**WHAT NEEDS TO BE DONE**
Begin at the top of the records below and return each line exactly through the line with "doc.layers.add(name, color=color, linetype=linetype)". Skip pictures.

#### INFORMATION SHOWN ####

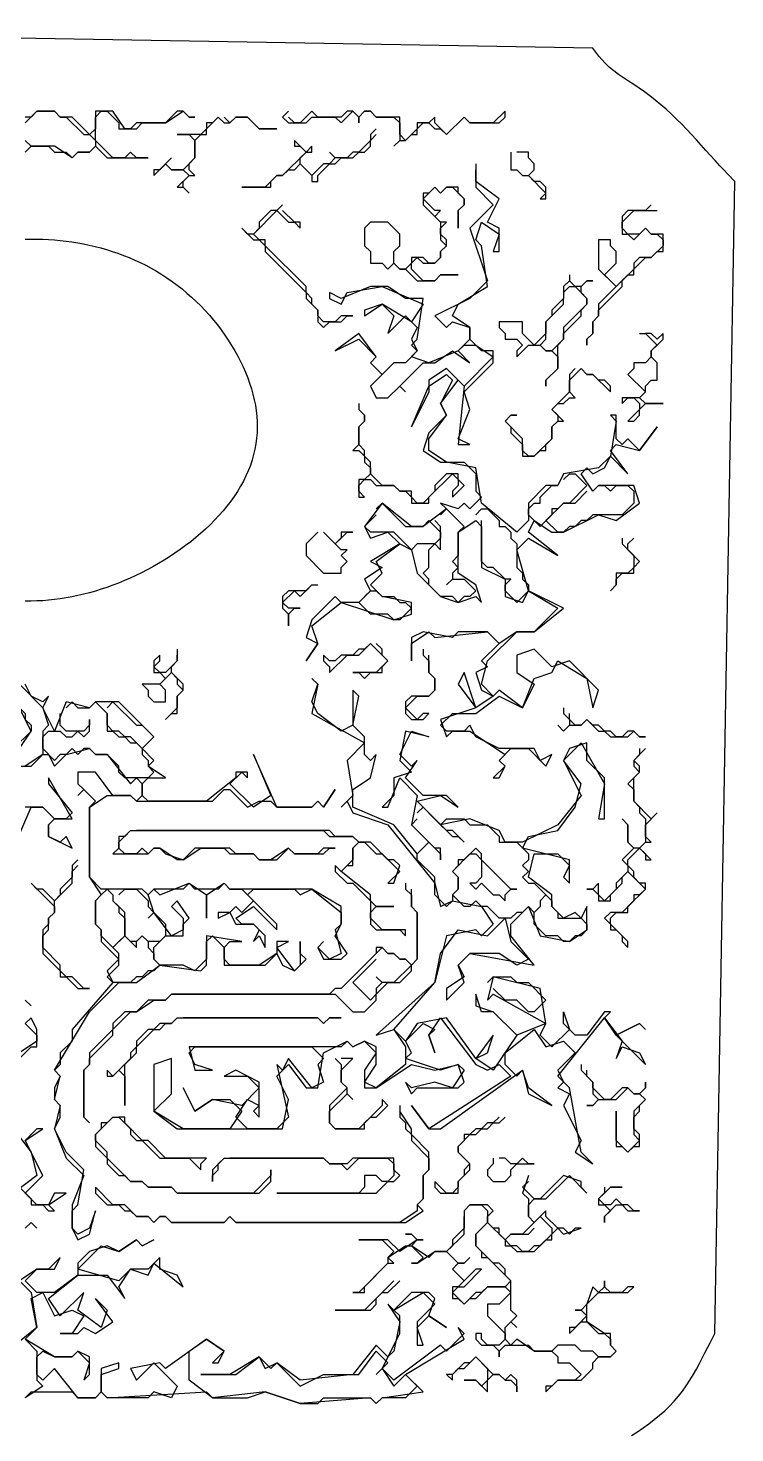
# Model space of a CAD drawing. Header units: metres. Extents: x 18 to 192, y 117 to 277.
# Drawn here: x 100.45 to 112.53, y 151.5 to 175.52 of the extents above; entities that cross this region are included whole.
import ezdxf

# ---------------------------------------------------------------- set-up
doc = ezdxf.new("R2010")
doc.units = ezdxf.units.M
for name, color, linetype in [('DETAILS', 3, 'Continuous'), ('HOLES', 1, 'Continuous'), ('OUTER', 7, 'Continuous')]:
    doc.layers.add(name, color=color, linetype=linetype)

msp = doc.modelspace()

# ---------------------------------------------------------------- linework, layer by layer
at = {"layer": 'DETAILS'}
for points in [[(100.4, 173.9), (100.6, 174.1), (100.9, 174.1), (101, 174), (101.1, 174), (101.4, 173.7), (101.5, 173.7), (101.6, 173.6), (101.6, 173.5), (101.5, 173.4), (101.3, 173.4), (101.2, 173.3), (100.9, 173.5), (100.5, 173.5), (100.4, 173.6)], [(100.4, 173.4), (100.5, 173.5), (100.8, 173.5), (100.9, 173.4), (101.1, 173.4), (101.2, 173.3), (101.3, 173.4), (101.5, 173.4), (101.6, 173.5), (101.8, 173.3), (102.5, 173.3), (102.3, 173.3), (102.2, 173.4), (102.1, 173.3), (101.9, 173.3), (101.6, 173.6), (101.6, 174), (101.7, 174.1), (101.8, 174.1), (102, 173.9), (102, 173.8), (102.3, 173.8), (102.4, 173.9), (102.8, 173.9), (103.1, 174.1), (103.2, 174), (103.3, 174), (103.2, 174), (103.1, 174.1), (103, 174.1), (102.8, 173.9), (102.3, 173.9), (102.2, 173.8), (102.1, 173.8), (101.9, 174.1), (101.6, 174.1), (101.6, 173.8), (101.5, 173.7), (101.2, 174), (101, 174), (100.9, 174.1), (100.6, 174.1), (100.5, 174), (100.4, 174)], [(103.7, 174), (103.6, 173.9), (103.5, 173.9), (103.5, 173.8), (103.4, 173.7), (103, 173.7), (103.2, 173.7), (103.3, 173.6), (103.3, 173.3), (103.1, 173.1), (102.9, 173.1), (102.8, 173.2), (102.9, 173.3), (102.7, 173.1), (102.6, 173.1), (102.6, 173), (102.8, 173.2), (102.9, 173.1), (103.1, 173.1), (103.2, 173), (103, 172.8), (103.1, 172.8), (103.2, 172.7), (103.1, 172.8), (103.1, 172.9), (103.2, 173), (103.3, 173), (103.2, 173.1), (103.2, 173.2), (103.3, 173.3), (103.3, 173.6), (103.4, 173.7), (103.5, 173.7), (103.5, 173.8), (103.7, 174), (103.8, 173.9), (103.9, 173.9), (104, 174), (104.2, 174), (104.4, 173.8), (104.7, 173.8), (104.4, 173.8), (104.2, 174), (104, 174), (103.9, 173.9), (103.8, 174)], [(104.9, 174.1), (104.8, 174), (104.9, 173.9), (105.2, 173.9), (105.3, 174), (105.7, 174), (105.8, 173.9), (106, 174.1), (106.1, 174), (106.1, 173.9), (106.1, 174), (106.2, 174.1), (106.3, 174.1), (106.4, 174), (106.7, 174), (106.8, 173.9), (106.8, 173.6), (106.7, 173.5), (106.8, 173.6), (106.9, 173.6), (107, 173.7), (107.1, 173.7), (107.1, 173.8), (107.2, 173.9), (107.3, 173.9), (107.4, 173.8), (107.5, 173.8), (107.6, 173.7), (107.9, 174), (108, 173.9), (108.5, 173.9), (108.6, 174), (108.6, 174.1), (108.4, 173.9), (108, 173.9), (107.9, 174), (107.6, 173.7), (107.4, 173.9), (107.4, 174), (107.3, 173.9), (107.1, 173.9), (107.1, 173.8), (106.9, 173.6), (106.8, 173.7), (106.8, 174), (106.4, 174), (106.3, 174.1), (106.2, 174.1), (106.1, 174), (106, 174.1), (105.9, 174.1), (105.8, 174), (105.4, 174), (105.3, 174.1), (105.1, 173.9), (105, 173.9), (104.9, 174)], [(106.4, 173.8), (106.3, 173.7), (106.3, 173.6), (106.1, 173.4), (106, 173.4), (105.9, 173.3), (105.7, 173.3), (105.6, 173.4), (105.7, 173.3), (105.6, 173.2), (105.5, 173.2), (105.3, 173), (105.1, 173.2), (105.1, 173.3), (105.2, 173.4), (105.3, 173.4), (105.3, 173.5), (105.2, 173.4), (105, 173.6), (105, 173.5), (105.1, 173.5), (105.2, 173.4), (104.8, 173), (104.7, 173), (104.5, 172.8), (104.1, 172.8), (104.6, 172.8), (104.6, 172.9), (104.7, 173), (104.8, 173), (104.9, 173.1), (105, 173.1), (105.1, 173.2), (105.3, 173), (105.3, 172.9), (105.4, 172.9), (105.4, 173), (105.6, 173.2), (105.7, 173.2), (105.8, 173.3), (106, 173.3), (106.1, 173.4), (106.2, 173.4), (106.3, 173.5), (106.3, 173.6), (106.4, 173.7)], [(108.1, 173.2), (108.1, 172.8), (108.4, 172.5), (108, 172.1), (108.3, 171.2), (108, 170.9), (107.4, 170.6), (107.6, 170.4), (107.7, 170.5), (108, 170.4), (108, 170.2), (107.8, 170), (107.3, 169.8), (107, 169.9), (107.1, 170), (107, 170.1), (107.1, 170.2), (107.2, 170.9), (106.9, 170.9), (106.6, 171.1), (106.3, 171.1), (105.8, 170.9), (105.6, 171), (105.6, 170.9), (105.8, 170.8), (105.9, 171), (106.5, 171.1), (107.2, 170.8), (107, 170.5), (106.5, 170.8), (106.2, 170.7), (106.2, 170.6), (106.5, 170.8), (106.7, 170.6), (106.6, 170.3), (106.9, 170.6), (107.1, 170.4), (107, 170.2), (107.1, 170), (106.9, 169.8), (106.7, 169.8), (106.5, 169.6), (106.3, 169.8), (106.4, 169.9), (106.1, 170.3), (105.7, 170), (106.1, 170.2), (106.4, 169.9), (106.3, 169.8), (106.5, 169.6), (106.3, 169.4), (106.4, 169.2), (106.6, 169.2), (106.8, 169.4), (106.9, 169.3), (106.8, 169.4), (107.2, 169.8), (107.4, 169.8), (107.7, 170), (108, 169.8), (107.8, 170), (107.9, 170.1), (108.1, 170.1), (108.4, 169.9), (107.9, 169.4), (107.6, 169.7), (107.3, 169.5), (107.3, 169.3), (107, 168.7), (107.3, 169.4), (107.6, 169.6), (107.7, 169.5), (107.5, 169.1), (107.6, 168.9), (107.3, 168.6), (107.2, 168.3), (107.5, 168.1), (107.9, 168.1), (108.1, 167.9), (108.1, 167.6), (108.2, 167.5), (108, 167.3), (107.9, 167.4), (107.8, 167.3), (107.5, 167.4), (107.6, 167.3), (107.2, 167), (107, 167), (106.5, 167.4), (106.2, 167), (106.3, 166.8), (106.6, 166.9), (106.8, 166.7), (106.3, 166.4), (106.5, 166.3), (106.2, 166.1), (106.3, 165.9), (106.1, 165.7), (105.8, 165.7), (105.7, 165.8), (105.3, 165.4), (105.2, 165.1), (105.4, 165), (105.2, 164.7), (105.4, 165), (105.3, 165.3), (105.8, 165.7), (106.7, 165.4), (107, 165.5), (107, 165.7), (106.5, 165.8), (106.3, 166), (106.5, 166.2), (106.4, 166.4), (106.8, 166.7), (107, 166.6), (107.1, 166.2), (107.5, 165.8), (107.8, 165.7), (108.1, 165.8), (108.2, 165.7), (108.1, 166), (107.8, 166.2), (107.8, 166.9), (108.1, 167.1), (108.2, 167), (108.2, 166.3), (108.6, 166.1), (108.6, 165.8), (108.9, 165.7), (109, 165.9), (109.5, 165.6), (109.1, 165.2), (108.8, 165.2), (108.5, 165), (108.3, 165.2), (107.8, 165.2), (107.7, 165.1), (107.2, 165.2), (107, 165.1), (107, 164.7), (107, 165), (107.3, 165.2), (107.4, 165.1), (108.3, 165.2), (108.5, 165), (108.2, 164.7), (108.3, 164.6), (108.1, 164.5), (108.2, 164.2), (108.4, 164.1), (108.1, 163.9), (107.9, 164.5), (107.8, 164.3), (108.1, 163.9), (107.5, 163.7), (107.6, 163.4), (107.7, 163.5), (108, 163.5), (108.6, 163.1), (108.5, 163), (108.6, 162.9), (108.4, 162.7), (108.5, 162.7), (108.6, 162.9), (108.5, 163), (108.7, 163.2), (109, 163.2), (109.3, 162.9), (109.4, 163.1), (109.2, 163), (109.1, 163.2), (108.5, 163.2), (108.1, 163.4), (108, 163.6), (107.9, 163.5), (107.6, 163.5), (107.5, 163.6), (107.7, 163.8), (108.1, 163.8), (108.5, 164.1), (108.9, 163.9), (109.1, 164.4), (109.4, 164.5), (109.5, 164.7), (110, 164.4), (110.1, 163.9), (110.2, 164.2), (109.7, 164.7), (109.4, 164.6), (109.1, 164.9), (108.8, 164.8), (108.8, 164.5), (109.1, 164.3), (108.9, 163.9), (108.5, 164.2), (108.4, 164.1), (108.2, 164.3), (108.3, 164.7), (108.8, 165.2), (109.1, 165.2), (109.6, 165.6), (109, 165.9), (108.8, 166.6), (109, 166.8), (109.5, 166.5), (109, 166.9), (109.1, 167.1), (109.4, 166.9), (109.6, 166.9), (110.2, 167.2), (110.5, 167.1), (110.9, 167.4), (110.8, 167.7), (110.2, 167.7), (110.1, 167.6), (109.9, 167.9), (110, 168), (110.1, 167.9), (110.3, 168), (110.4, 168.2), (110.7, 167.9), (110.4, 168.3), (110.5, 168.4), (110.9, 168.3), (111.2, 168.7), (110.9, 168.3), (110.7, 168.5), (110.6, 168.4), (110.5, 168.5), (110.5, 168.9), (110.4, 168.9), (110.5, 168.8), (110.4, 168.2), (110.2, 168), (109.6, 167.9), (109.5, 167.7), (109.3, 167.7), (109, 167.4), (109, 167.1), (108.8, 166.9), (108.2, 167.4), (108.1, 168), (107.6, 168.1), (107.3, 168.3), (107.3, 168.5), (107.6, 168.9), (107.5, 169.1), (107.8, 169.5), (107.9, 169.4), (107.8, 168.4), (108, 168.4), (107.8, 168.5), (108, 169), (107.9, 169.3), (108.4, 169.8), (108.4, 170), (108.2, 170), (108, 170.2), (108, 170.4), (107.7, 170.6), (107.8, 170.8), (108.3, 171.1), (108.2, 171.8), (108.1, 171.9), (108.2, 172.2), (108.5, 172), (108.4, 171.7), (108.5, 171.7), (108.5, 172.1), (108.3, 172.2), (108.5, 172.6), (108.1, 172.9), (108.1, 173.1)], [(108.7, 173.4), (108.7, 173.1), (108.8, 173.1), (108.9, 173), (109, 173), (109.3, 172.7), (109.2, 172.6), (109.3, 172.6), (109.3, 172.8), (109.2, 172.9), (109.1, 172.9), (109, 173), (109.1, 173.1), (109.1, 173.2), (109, 173.3), (109, 173.4), (108.8, 173.4)], [(107.4, 172.8), (107.3, 172.7), (107.2, 172.7), (107.2, 172.5), (107.5, 172.2), (107.5, 171.9), (107.6, 171.8), (107.5, 171.7), (107.5, 171.6), (107.4, 171.5), (107.3, 171.5), (107.2, 171.6), (107, 171.6), (107, 171.5), (106.9, 171.4), (106.8, 171.4), (106.7, 171.5), (106.7, 171.7), (106.8, 171.8), (106.8, 172), (106.6, 172.2), (106.3, 172.2), (106.2, 172.1), (106.2, 171.8), (106.3, 171.7), (106.3, 171.5), (106.5, 171.5), (106.6, 171.4), (106.7, 171.5), (106.8, 171.4), (106.9, 171.4), (107.1, 171.2), (107.4, 171.2), (107.5, 171.3), (107.8, 171.3), (107.5, 171.3), (107.4, 171.2), (107.2, 171.2), (107, 171.4), (107, 171.5), (107.1, 171.6), (107.2, 171.5), (107.4, 171.5), (107.5, 171.6), (107.5, 171.7), (107.6, 171.8), (107.6, 171.9), (107.5, 172), (107.5, 172.1), (107.6, 172.2), (107.5, 172.2), (107.4, 172.3), (107.5, 172.4), (107.4, 172.4), (107.2, 172.6), (107.4, 172.8), (107.5, 172.7), (107.6, 172.8), (107.7, 172.8), (107.9, 172.6), (107.9, 172.5), (107.8, 172.4), (107.8, 172.1), (107.8, 172.4), (107.9, 172.5), (107.9, 172.6), (107.8, 172.7), (107.8, 172.8), (107.6, 172.8), (107.5, 172.7)], [(104.8, 172.5), (104.7, 172.4), (104.6, 172.4), (104.4, 172.2), (104.4, 172.1), (104.3, 172), (104.2, 172), (104.1, 172.1), (104.3, 171.9), (104.4, 171.9), (104.5, 171.8), (104.5, 171.7), (105.2, 171), (105.2, 170.9), (105.4, 170.7), (105.4, 170.5), (105.5, 170.4), (105.6, 170.5), (105.8, 170.5), (105.9, 170.6), (106, 170.6), (105.8, 170.6), (105.7, 170.5), (105.5, 170.5), (105.4, 170.6), (105.4, 170.7), (105.3, 170.8), (105.3, 170.9), (105.2, 171), (105.2, 171.1), (104.5, 171.8), (104.5, 171.9), (104.4, 171.9), (104.3, 172), (104.7, 172.4), (104.9, 172.2), (105, 172.2), (105.1, 172.1), (105.1, 172.2), (105, 172.2), (104.8, 172.4)], [(111.1, 172.5), (111, 172.4), (110.7, 172.4), (110.6, 172.3), (110.6, 172), (110.7, 172), (110.8, 171.9), (111, 172.1), (111.1, 172), (111.2, 172), (111.3, 171.9), (111.3, 171.8), (111.1, 171.6), (110.9, 171.6), (110.8, 171.5), (110.8, 171.4), (110.5, 171.1), (110.3, 171.3), (110.5, 171.5), (110.5, 171.7), (110.4, 171.8), (110.4, 171.9), (110.2, 171.9), (110.2, 171.4), (110.5, 171.1), (110.2, 170.8), (110.2, 170.6), (110.1, 170.5), (110.1, 170.3), (110, 170.2), (110, 170.1), (110, 170.2), (110.1, 170.3), (110.1, 170.5), (110.2, 170.6), (110.2, 170.7), (110.6, 171.1), (110.6, 171.2), (110.7, 171.3), (110.8, 171.3), (110.8, 171.4), (111, 171.6), (111.1, 171.6), (111.2, 171.7), (111.3, 171.7), (111.3, 172), (111.1, 172), (111, 172.1), (110.9, 172), (110.7, 172), (110.6, 172.1), (110.6, 172.2), (110.8, 172.4), (111.2, 172.4)], [(109.7, 171.3), (109.7, 171.2), (109.6, 171.1), (109.6, 170.9), (109.4, 170.7), (109.4, 170.6), (109.3, 170.5), (109.3, 170.3), (109.1, 170.1), (108.9, 170.3), (108.9, 170.5), (108.5, 170.5), (108.5, 170.4), (108.6, 170.3), (108.6, 170.2), (108.8, 170.2), (108.9, 170.1), (108.8, 170), (108.8, 169.9), (109, 170.1), (109.2, 170.1), (109.3, 170), (109.4, 170), (109.5, 169.9), (109.5, 169.7), (109.3, 169.5), (109.3, 169.4), (109.3, 169.5), (109.5, 169.7), (109.5, 170.1), (109.6, 170.2), (109.6, 170.3), (109.9, 170.6), (109.9, 170.7), (110, 170.8), (110, 170.9), (109.9, 171), (109.9, 171.1), (110, 171.2), (110.1, 171.2), (110, 171.2), (109.9, 171.1), (109.8, 171.1), (109.7, 171.2)], [(109.6, 171), (109.7, 171.1), (109.8, 171.1), (110, 170.9), (110, 170.8), (109.6, 170.4), (109.6, 170.2), (109.4, 170), (109.3, 170), (109.2, 170.1), (109.3, 170.2), (109.3, 170.5), (109.6, 170.8), (109.6, 170.9)], [(110.9, 170.3), (111, 170.3), (111.2, 170.1), (111.1, 170), (111.1, 169.9), (111, 169.8), (110.8, 169.8), (110.8, 169.7), (110.7, 169.6), (111, 169.3), (110.9, 169.2), (110.6, 169.2), (110.6, 169.1), (110.7, 169.2), (110.8, 169.2), (110.9, 169.1), (110.9, 169), (110.7, 168.8), (110.8, 168.8), (110.9, 168.9), (110.9, 169), (111, 169.1), (111.3, 169.1), (111, 169.1), (110.9, 169.2), (111, 169.3), (111, 169.4), (111.1, 169.5), (111.2, 169.5), (111.2, 169.8), (111.1, 169.9), (111.1, 170), (111.3, 170.2), (111.3, 170.3), (111.2, 170.2), (111.1, 170.3), (111, 170.3)], [(109.8, 169.7), (109.7, 169.6), (109.7, 169.3), (109.4, 169), (109.5, 168.9), (109.5, 168.8), (109.4, 168.7), (109.4, 168.5), (109.1, 168.2), (109, 168.2), (108.9, 168.3), (108.9, 168.5), (108.6, 168.8), (108.7, 168.9), (108.8, 168.9), (108.7, 168.9), (108.6, 168.8), (108.7, 168.7), (108.7, 168.6), (108.9, 168.4), (108.9, 168.2), (109.1, 168.2), (109.2, 168.3), (109.3, 168.3), (109.3, 168.4), (109.4, 168.5), (109.4, 168.7), (109.5, 168.8), (109.6, 168.8), (109.4, 169), (109.5, 169.1), (109.6, 169.1), (109.7, 169.2), (109.8, 169.2), (109.7, 169.3), (109.7, 169.5), (109.9, 169.7), (110, 169.6), (110.1, 169.6), (110.4, 169.3), (110.4, 169.4), (110.3, 169.5), (110.2, 169.5), (110.1, 169.6), (110, 169.6), (109.9, 169.7)], [(106.1, 169.1), (106.1, 169), (106.2, 168.9), (106.2, 168.8), (106.1, 168.7), (106.1, 168.4), (106, 168.3), (106.1, 168.3), (106.2, 168.2), (106.2, 168.1), (106.3, 168), (106.3, 167.9), (106.2, 167.8), (106.1, 167.8), (106.1, 167.5), (106.2, 167.5), (106.1, 167.6), (106.1, 167.7), (106.2, 167.8), (106.3, 167.8), (106.4, 167.7), (106.7, 167.7), (106.8, 167.6), (106.9, 167.6), (107, 167.5), (107, 167.4), (107.3, 167.4), (107.3, 167.5), (107.7, 167.9), (107.8, 167.8), (107.8, 167.7), (107.7, 167.6), (107.7, 167.5), (107.9, 167.7), (107.8, 167.8), (107.8, 167.9), (107.6, 167.9), (107.4, 167.7), (107.4, 167.6), (107.2, 167.4), (107.1, 167.4), (107, 167.5), (107, 167.6), (106.8, 167.6), (106.7, 167.7), (106.5, 167.7), (106.3, 167.9), (106.3, 168.1), (106.2, 168.2), (106.2, 168.3), (106.1, 168.4), (106.1, 168.7), (106.2, 168.8), (106.2, 168.9), (106.1, 169)], [(109.6, 167.8), (109.7, 167.9), (109.8, 167.9), (110, 167.7), (109.7, 167.4), (109.6, 167.4), (109.5, 167.3), (109.4, 167.3), (109.4, 167.2), (109.2, 167), (109, 167.2), (109, 167.3), (109.1, 167.4), (109.2, 167.4), (109.2, 167.5), (109.4, 167.7), (109.5, 167.7)], [(110.1, 167.6), (110.2, 167.7), (110.3, 167.7), (110.4, 167.6), (110.5, 167.7), (110.7, 167.7), (110.8, 167.6), (110.8, 167.4), (110.6, 167.2), (110.1, 167.2), (110, 167.1), (109.9, 167.1), (109.8, 167), (109.7, 167), (109.6, 166.9), (109.5, 166.9), (109.3, 167.1), (109.6, 167.4), (109.8, 167.4), (110, 167.6)], [(106.4, 167.3), (106.5, 167.4), (106.9, 167), (107.2, 167), (107.3, 167.1), (107.5, 166.9), (107.5, 166.8), (107.4, 166.7), (107.1, 166.7), (107, 166.6), (106.7, 166.9), (106.3, 166.9), (106.2, 167), (106.4, 167.2)], [(107.5, 167.2), (107.6, 167.3), (107.9, 167), (107.8, 166.9), (107.8, 166.5), (107.7, 166.4), (107.8, 166.3), (107.7, 166.2), (107.7, 166.1), (107.6, 166), (107.7, 166.1), (107.9, 166.1), (108.1, 165.9), (108, 165.8), (107.9, 165.8), (107.8, 165.7), (107.7, 165.8), (107.5, 165.8), (107.3, 166), (107.3, 166.1), (107.2, 166.2), (107.3, 166.3), (107.3, 166.6), (107.4, 166.7), (107.5, 166.6), (107.5, 167), (107.4, 167.1)], [(108.1, 167.2), (108.2, 167.3), (108.3, 167.3), (108.5, 167.1), (108.5, 167), (108.6, 167), (108.7, 166.9), (108.7, 166.8), (108.8, 166.7), (108.8, 166.3), (108.9, 166.2), (108.9, 166.1), (109, 166), (109, 165.9), (108.8, 165.7), (108.6, 165.9), (108.6, 166), (108.7, 166.1), (108.6, 166.1), (108.4, 166.3), (108.3, 166.3), (108.2, 166.4), (108.2, 167.1)], [(105.4, 166.9), (105.2, 166.7), (105.2, 166.5), (105.5, 166.2), (105.8, 166.2), (105.8, 166.3), (105.9, 166.4), (105.8, 166.5), (105.9, 166.6), (105.8, 166.6), (105.7, 166.7), (105.9, 166.9), (106, 166.9), (105.8, 166.9), (105.8, 166.8), (105.7, 166.7), (105.5, 166.9)], [(110.6, 166.8), (110.6, 166.7), (110.8, 166.5), (110.8, 166.3), (110.7, 166.2), (110.5, 166.2), (110.5, 166), (110.4, 165.9), (110.5, 166), (110.5, 166.1), (110.6, 166.2), (110.8, 166.2), (110.8, 166.3), (110.9, 166.4), (110.7, 166.6), (110.7, 166.7), (110.8, 166.8), (110.7, 166.7)], [(105.3, 166), (105.2, 165.9), (104.9, 165.9), (104.8, 165.8), (104.8, 165.6), (104.9, 165.5), (104.9, 165.3), (104.9, 165.5), (105, 165.6), (105.1, 165.6), (104.9, 165.6), (104.8, 165.7), (105, 165.9), (105.1, 165.8), (105.3, 166), (105.4, 166)], [(106.2, 165.8), (106.3, 165.9), (106.4, 165.9), (106.5, 165.8), (106.7, 165.8), (106.8, 165.7), (106.9, 165.7), (107, 165.6), (106.8, 165.4), (106.7, 165.4), (106.6, 165.5), (106.3, 165.5), (106.1, 165.7)], [(103, 164.9), (103, 164.7), (102.8, 164.5), (102.7, 164.5), (102.6, 164.6), (102.7, 164.7), (102.7, 164.8), (102.6, 164.7), (102.6, 164.5), (102.7, 164.5), (102.8, 164.4), (102.7, 164.3), (102.4, 164.3), (102.5, 164.2), (102.5, 164.1), (102.6, 164), (102.8, 164), (102.8, 164.2), (102.7, 164.3), (102.9, 164.5), (103, 164.4), (103, 164.3), (103.1, 164.2), (103, 164.1), (103, 163.9), (102.8, 163.7), (102.9, 163.8), (103, 163.8), (103, 164.1), (103.1, 164.2), (103.1, 164.3), (102.9, 164.5), (102.9, 164.6), (103, 164.7), (103, 164.8)], [(106.3, 165), (106.2, 164.9), (106.1, 164.9), (106, 164.8), (105.8, 164.8), (105.7, 164.7), (105.6, 164.7), (105.5, 164.8), (105.5, 164.7), (105.6, 164.6), (105.6, 164.5), (105.9, 164.8), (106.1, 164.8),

####

**ANSWER TO THIS PROBLEM**
# Model space of a CAD drawing. Header units: metres. Extents: x 18 to 192, y 117 to 277.
# Drawn here: x 100.45 to 112.53, y 151.5 to 175.52 of the extents above; entities that cross this region are included whole.
import ezdxf

# ---------------------------------------------------------------- set-up
doc = ezdxf.new("R2010")
doc.units = ezdxf.units.M
for name, color, linetype in [('DETAILS', 3, 'Continuous'), ('HOLES', 1, 'Continuous'), ('OUTER', 7, 'Continuous')]:
    doc.layers.add(name, color=color, linetype=linetype)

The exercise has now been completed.